I was very happy with the pace of this book! The book I read before this one was under 300 pages and took me almost a month to push through. I was able to finish this one in just a few days! I love when books are fast paced, and this one kept me hooked almost the entire time. I’ll admit I was wary of reading a book based on Covid-19/ quarantine/ the pandemic because we see enough of that on the news already. BUT the author did a good job using it as a backdrop for a very uniquely created plot.

Additionally, I am a sucker for a good plot twist. I love them! That being said, I can almost always predict endings and twists in books, which is fine, but a book gets bonus points for me if it throws in a twist that I didn’t see coming. This book included not one, not two, but three twists, and I only saw one of them coming- so I loved that aspect of it.

Now for my critiques- I am not a huge fan of the timeline style that was used. It was manageable to read, but not my favorite. Going back and forth between past and present is usually fine with me, but this book went from like, 54 days ago to 23 days ago and then back to 58 days ago and it was a little chaotic.

Similarly, I don’t mind multiple point of views.

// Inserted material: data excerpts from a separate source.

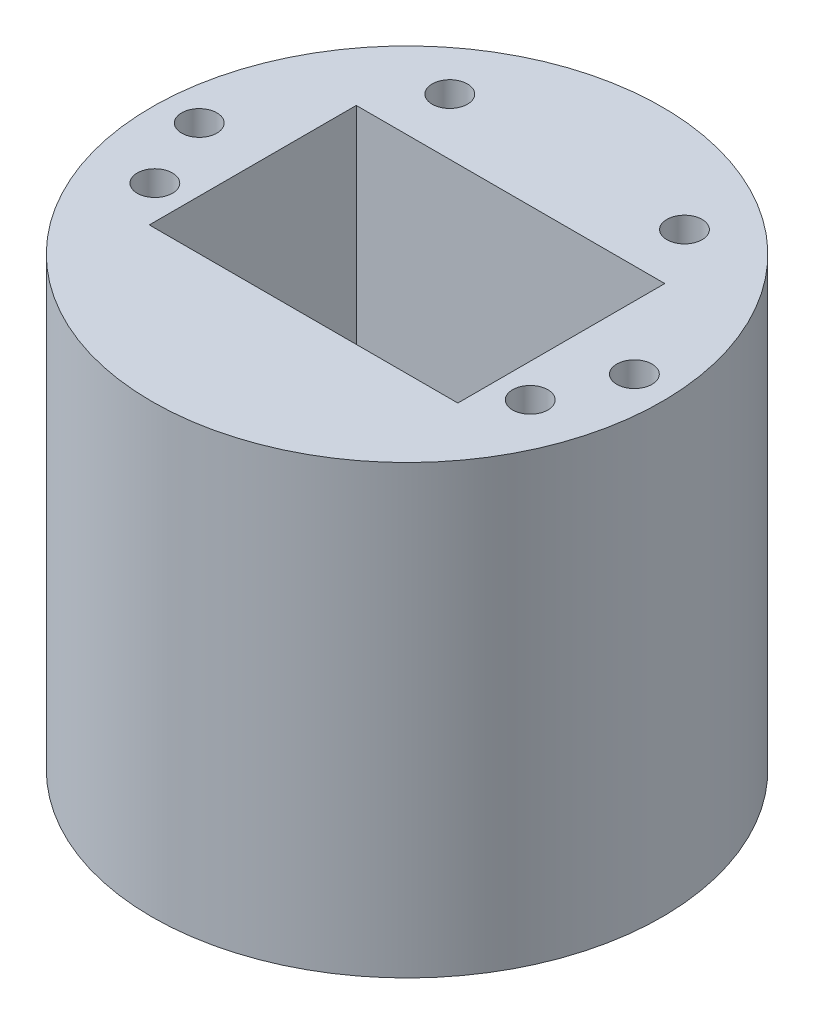
ISO-10303-21;
HEADER;
FILE_DESCRIPTION(('STEP AP214'),'2;1');
FILE_NAME('part.step','',(''),(''),'','','');
FILE_SCHEMA(('AUTOMOTIVE_DESIGN { 1 0 10303 214 1 1 1 1 }'));
ENDSEC;
DATA;
#1=APPLICATION_CONTEXT('core data for automotive mechanical design processes');
#2=APPLICATION_PROTOCOL_DEFINITION('international standard','automotive_design',2000,#1);
#3=PRODUCT_CONTEXT('',#1,'mechanical');
#4=PRODUCT('Part','Part','',(#3));
#5=PRODUCT_RELATED_PRODUCT_CATEGORY('part','',(#4));
#6=PRODUCT_DEFINITION_FORMATION('','',#4);
#7=PRODUCT_DEFINITION_CONTEXT('part definition',#1,'design');
#8=PRODUCT_DEFINITION('design','',#6,#7);
#9=PRODUCT_DEFINITION_SHAPE('','',#8);
#10=(LENGTH_UNIT() NAMED_UNIT(*) SI_UNIT(.MILLI.,.METRE.));
#11=(NAMED_UNIT(*) PLANE_ANGLE_UNIT() SI_UNIT($,.RADIAN.));
#12=(NAMED_UNIT(*) SI_UNIT($,.STERADIAN.) SOLID_ANGLE_UNIT());
#13=UNCERTAINTY_MEASURE_WITH_UNIT(LENGTH_MEASURE(1.E-05),#10,'distance_accuracy_value','');
#14=(GEOMETRIC_REPRESENTATION_CONTEXT(3) GLOBAL_UNCERTAINTY_ASSIGNED_CONTEXT((#13)) GLOBAL_UNIT_ASSIGNED_CONTEXT((#10,
#11,#12)) REPRESENTATION_CONTEXT('',''));
#15=CARTESIAN_POINT('',(0.,0.,0.));
#16=DIRECTION('',(0.,0.,1.));
#17=DIRECTION('',(1.,0.,0.));
#18=AXIS2_PLACEMENT_3D('',#15,#16,#17);
#19=CARTESIAN_POINT('',(37.0004748256233,88.,12.7186187483685));
#20=DIRECTION('',(0.,-1.,0.));
#21=DIRECTION('',(0.,0.,-1.));
#22=AXIS2_PLACEMENT_3D('',#19,#20,#21);
#23=CYLINDRICAL_SURFACE('',#22,3.475);
#24=CARTESIAN_POINT('',(37.0004748256233,88.,12.7186187483685));
#25=DIRECTION('',(0.,1.,0.));
#26=DIRECTION('',(0.,0.,1.));
#27=AXIS2_PLACEMENT_3D('',#24,#25,#26);
#28=CIRCLE('',#27,3.475);
#29=CARTESIAN_POINT('',(37.0004748256233,88.,16.1936187483685));
#30=VERTEX_POINT('',#29);
#31=EDGE_CURVE('E50',#30,#30,#28,.F.);
#32=ORIENTED_EDGE('',*,*,#31,.F.);
#33=EDGE_LOOP('',(#32));
#34=FACE_BOUND('',#33,.T.);
#35=CARTESIAN_POINT('',(37.0004748256233,0.,12.7186187483685));
#36=DIRECTION('',(0.,1.,0.));
#37=DIRECTION('',(0.,0.,1.));
#38=AXIS2_PLACEMENT_3D('',#35,#36,#37);
#39=CIRCLE('',#38,3.475);
#40=CARTESIAN_POINT('',(37.0004748256233,0.,16.1936187483685));
#41=VERTEX_POINT('',#40);
#42=EDGE_CURVE('E207',#41,#41,#39,.F.);
#43=ORIENTED_EDGE('',*,*,#42,.T.);
#44=EDGE_LOOP('',(#43));
#45=FACE_BOUND('',#44,.T.);
#46=ADVANCED_FACE('F41',(#34,#45),#23,.F.);
#47=CARTESIAN_POINT('',(-23.1297303627879,88.,-31.5565203013999));
#48=DIRECTION('',(0.,-1.,0.));
#49=DIRECTION('',(0.,0.,-1.));
#50=AXIS2_PLACEMENT_3D('',#47,#48,#49);
#51=CYLINDRICAL_SURFACE('',#50,3.475);
#52=CARTESIAN_POINT('',(-23.1297303627879,88.,-31.5565203013999));
#53=DIRECTION('',(0.,1.,0.));
#54=DIRECTION('',(0.,0.,1.));
#55=AXIS2_PLACEMENT_3D('',#52,#53,#54);
#56=CIRCLE('',#55,3.475);
#57=CARTESIAN_POINT('',(-23.1297303627879,88.,-28.0815203013999));
#58=VERTEX_POINT('',#57);
#59=EDGE_CURVE('E189',#58,#58,#56,.T.);
#60=ORIENTED_EDGE('',*,*,#59,.T.);
#61=EDGE_LOOP('',(#60));
#62=FACE_BOUND('',#61,.T.);
#63=CARTESIAN_POINT('',(-23.1297303627879,0.,-31.5565203013999));
#64=DIRECTION('',(0.,1.,0.));
#65=DIRECTION('',(0.,0.,1.));
#66=AXIS2_PLACEMENT_3D('',#63,#64,#65);
#67=CIRCLE('',#66,3.475);
#68=CARTESIAN_POINT('',(-23.1297303627879,0.,-28.0815203013999));
#69=VERTEX_POINT('',#68);
#70=EDGE_CURVE('E205',#69,#69,#67,.T.);
#71=ORIENTED_EDGE('',*,*,#70,.F.);
#72=EDGE_LOOP('',(#71));
#73=FACE_BOUND('',#72,.T.);
#74=ADVANCED_FACE('F235',(#62,#73),#51,.F.);
#75=CARTESIAN_POINT('',(-37.0004748256233,88.,12.7186187483685));
#76=DIRECTION('',(0.,-1.,0.));
#77=DIRECTION('',(0.,0.,-1.));
#78=AXIS2_PLACEMENT_3D('',#75,#76,#77);
#79=CYLINDRICAL_SURFACE('',#78,3.475);
#80=CARTESIAN_POINT('',(-37.0004748256233,88.,12.7186187483685));
#81=DIRECTION('',(0.,1.,0.));
#82=DIRECTION('',(0.,0.,1.));
#83=AXIS2_PLACEMENT_3D('',#80,#81,#82);
#84=CIRCLE('',#83,3.475);
#85=CARTESIAN_POINT('',(-37.0004748256233,88.,16.1936187483685));
#86=VERTEX_POINT('',#85);
#87=EDGE_CURVE('E186',#86,#86,#84,.T.);
#88=ORIENTED_EDGE('',*,*,#87,.T.);
#89=EDGE_LOOP('',(#88));
#90=FACE_BOUND('',#89,.T.);
#91=CARTESIAN_POINT('',(-37.0004748256233,0.,12.7186187483685));
#92=DIRECTION('',(0.,1.,0.));
#93=DIRECTION('',(0.,0.,1.));
#94=AXIS2_PLACEMENT_3D('',#91,#92,#93);
#95=CIRCLE('',#94,3.475);
#96=CARTESIAN_POINT('',(-37.0004748256233,0.,16.1936187483685));
#97=VERTEX_POINT('',#96);
#98=EDGE_CURVE('E202',#97,#97,#95,.T.);
#99=ORIENTED_EDGE('',*,*,#98,.F.);
#100=EDGE_LOOP('',(#99));
#101=FACE_BOUND('',#100,.T.);
#102=ADVANCED_FACE('F241',(#90,#101),#79,.F.);
#103=CARTESIAN_POINT('',(-42.8868203559517,88.,-1.92497785865903));
#104=DIRECTION('',(0.,-1.,0.));
#105=DIRECTION('',(0.,0.,-1.));
#106=AXIS2_PLACEMENT_3D('',#103,#104,#105);
#107=CYLINDRICAL_SURFACE('',#106,3.475);
#108=CARTESIAN_POINT('',(-42.8868203559517,88.,-1.92497785865903));
#109=DIRECTION('',(0.,1.,0.));
#110=DIRECTION('',(0.,0.,1.));
#111=AXIS2_PLACEMENT_3D('',#108,#109,#110);
#112=CIRCLE('',#111,3.475);
#113=CARTESIAN_POINT('',(-42.8868203559517,88.,1.55002214134097));
#114=VERTEX_POINT('',#113);
#115=EDGE_CURVE('E183',#114,#114,#112,.T.);
#116=ORIENTED_EDGE('',*,*,#115,.T.);
#117=EDGE_LOOP('',(#116));
#118=FACE_BOUND('',#117,.T.);
#119=CARTESIAN_POINT('',(-42.8868203559517,0.,-1.92497785865903));
#120=DIRECTION('',(0.,1.,0.));
#121=DIRECTION('',(0.,0.,1.));
#122=AXIS2_PLACEMENT_3D('',#119,#120,#121);
#123=CIRCLE('',#122,3.475);
#124=CARTESIAN_POINT('',(-42.8868203559517,0.,1.55002214134097));
#125=VERTEX_POINT('',#124);
#126=EDGE_CURVE('E199',#125,#125,#123,.T.);
#127=ORIENTED_EDGE('',*,*,#126,.F.);
#128=EDGE_LOOP('',(#127));
#129=FACE_BOUND('',#128,.T.);
#130=ADVANCED_FACE('F248',(#118,#129),#107,.F.);
#131=CARTESIAN_POINT('',(0.,88.,0.));
#132=DIRECTION('',(0.,-1.,0.));
#133=DIRECTION('',(0.,0.,-1.));
#134=AXIS2_PLACEMENT_3D('',#131,#132,#133);
#135=CYLINDRICAL_SURFACE('',#134,50.292);
#136=CARTESIAN_POINT('',(0.,88.,0.));
#137=DIRECTION('',(0.,1.,0.));
#138=DIRECTION('',(0.,0.,1.));
#139=AXIS2_PLACEMENT_3D('',#136,#137,#138);
#140=CIRCLE('',#139,50.292);
#141=CARTESIAN_POINT('',(0.,88.,50.292));
#142=VERTEX_POINT('',#141);
#143=EDGE_CURVE('E180',#142,#142,#140,.T.);
#144=ORIENTED_EDGE('',*,*,#143,.F.);
#145=EDGE_LOOP('',(#144));
#146=FACE_BOUND('',#145,.T.);
#147=CARTESIAN_POINT('',(0.,0.,0.));
#148=DIRECTION('',(0.,1.,0.));
#149=DIRECTION('',(0.,0.,1.));
#150=AXIS2_PLACEMENT_3D('',#147,#148,#149);
#151=CIRCLE('',#150,50.292);
#152=CARTESIAN_POINT('',(0.,0.,50.292));
#153=VERTEX_POINT('',#152);
#154=EDGE_CURVE('E196',#153,#153,#151,.T.);
#155=ORIENTED_EDGE('',*,*,#154,.T.);
#156=EDGE_LOOP('',(#155));
#157=FACE_BOUND('',#156,.T.);
#158=ADVANCED_FACE('F251',(#146,#157),#135,.T.);
#159=CARTESIAN_POINT('',(42.8868203559517,88.,-1.92497785865903));
#160=DIRECTION('',(0.,-1.,0.));
#161=DIRECTION('',(0.,0.,-1.));
#162=AXIS2_PLACEMENT_3D('',#159,#160,#161);
#163=CYLINDRICAL_SURFACE('',#162,3.475);
#164=CARTESIAN_POINT('',(42.8868203559517,88.,-1.92497785865903));
#165=DIRECTION('',(0.,1.,0.));
#166=DIRECTION('',(0.,0.,1.));
#167=AXIS2_PLACEMENT_3D('',#164,#165,#166);
#168=CIRCLE('',#167,3.475);
#169=CARTESIAN_POINT('',(42.8868203559517,88.,1.55002214134097));
#170=VERTEX_POINT('',#169);
#171=EDGE_CURVE('E177',#170,#170,#168,.F.);
#172=ORIENTED_EDGE('',*,*,#171,.F.);
#173=EDGE_LOOP('',(#172));
#174=FACE_BOUND('',#173,.T.);
#175=CARTESIAN_POINT('',(42.8868203559517,0.,-1.92497785865903));
#176=DIRECTION('',(0.,1.,0.));
#177=DIRECTION('',(0.,0.,1.));
#178=AXIS2_PLACEMENT_3D('',#175,#176,#177);
#179=CIRCLE('',#178,3.475);
#180=CARTESIAN_POINT('',(42.8868203559517,0.,1.55002214134097));
#181=VERTEX_POINT('',#180);
#182=EDGE_CURVE('E171',#181,#181,#179,.F.);
#183=ORIENTED_EDGE('',*,*,#182,.T.);
#184=EDGE_LOOP('',(#183));
#185=FACE_BOUND('',#184,.T.);
#186=ADVANCED_FACE('F43',(#174,#185),#163,.F.);
#187=CARTESIAN_POINT('',(23.1297303627879,88.,-31.5565203013999));
#188=DIRECTION('',(0.,-1.,0.));
#189=DIRECTION('',(0.,0.,-1.));
#190=AXIS2_PLACEMENT_3D('',#187,#188,#189);
#191=CYLINDRICAL_SURFACE('',#190,3.475);
#192=CARTESIAN_POINT('',(23.1297303627879,88.,-31.5565203013999));
#193=DIRECTION('',(0.,1.,0.));
#194=DIRECTION('',(0.,0.,1.));
#195=AXIS2_PLACEMENT_3D('',#192,#193,#194);
#196=CIRCLE('',#195,3.475);
#197=CARTESIAN_POINT('',(23.1297303627879,88.,-28.0815203013999));
#198=VERTEX_POINT('',#197);
#199=EDGE_CURVE('E11',#198,#198,#196,.F.);
#200=ORIENTED_EDGE('',*,*,#199,.F.);
#201=EDGE_LOOP('',(#200));
#202=FACE_BOUND('',#201,.T.);
#203=CARTESIAN_POINT('',(23.1297303627879,0.,-31.5565203013999));
#204=DIRECTION('',(0.,1.,0.));
#205=DIRECTION('',(0.,0.,1.));
#206=AXIS2_PLACEMENT_3D('',#203,#204,#205);
#207=CIRCLE('',#206,3.475);
#208=CARTESIAN_POINT('',(23.1297303627879,0.,-28.0815203013999));
#209=VERTEX_POINT('',#208);
#210=EDGE_CURVE('E45',#209,#209,#207,.F.);
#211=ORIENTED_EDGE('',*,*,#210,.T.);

I actually kind of prefer them. But something that grinds my gears is when I read the same text more than once in the same book, from each point of view. I personally just don’t think there is any reason to re-type the exact same words just because you are in someone else’s point of view. Might be just me, but that seems like kind of a waste of pages.

I also thought the book could have been about 50 pages shorter. Once you get to that last twist I thought it could have been wrapped up nicely there but just seemed to drag on just a bit.

Overall I was pleasantly surprised with this read!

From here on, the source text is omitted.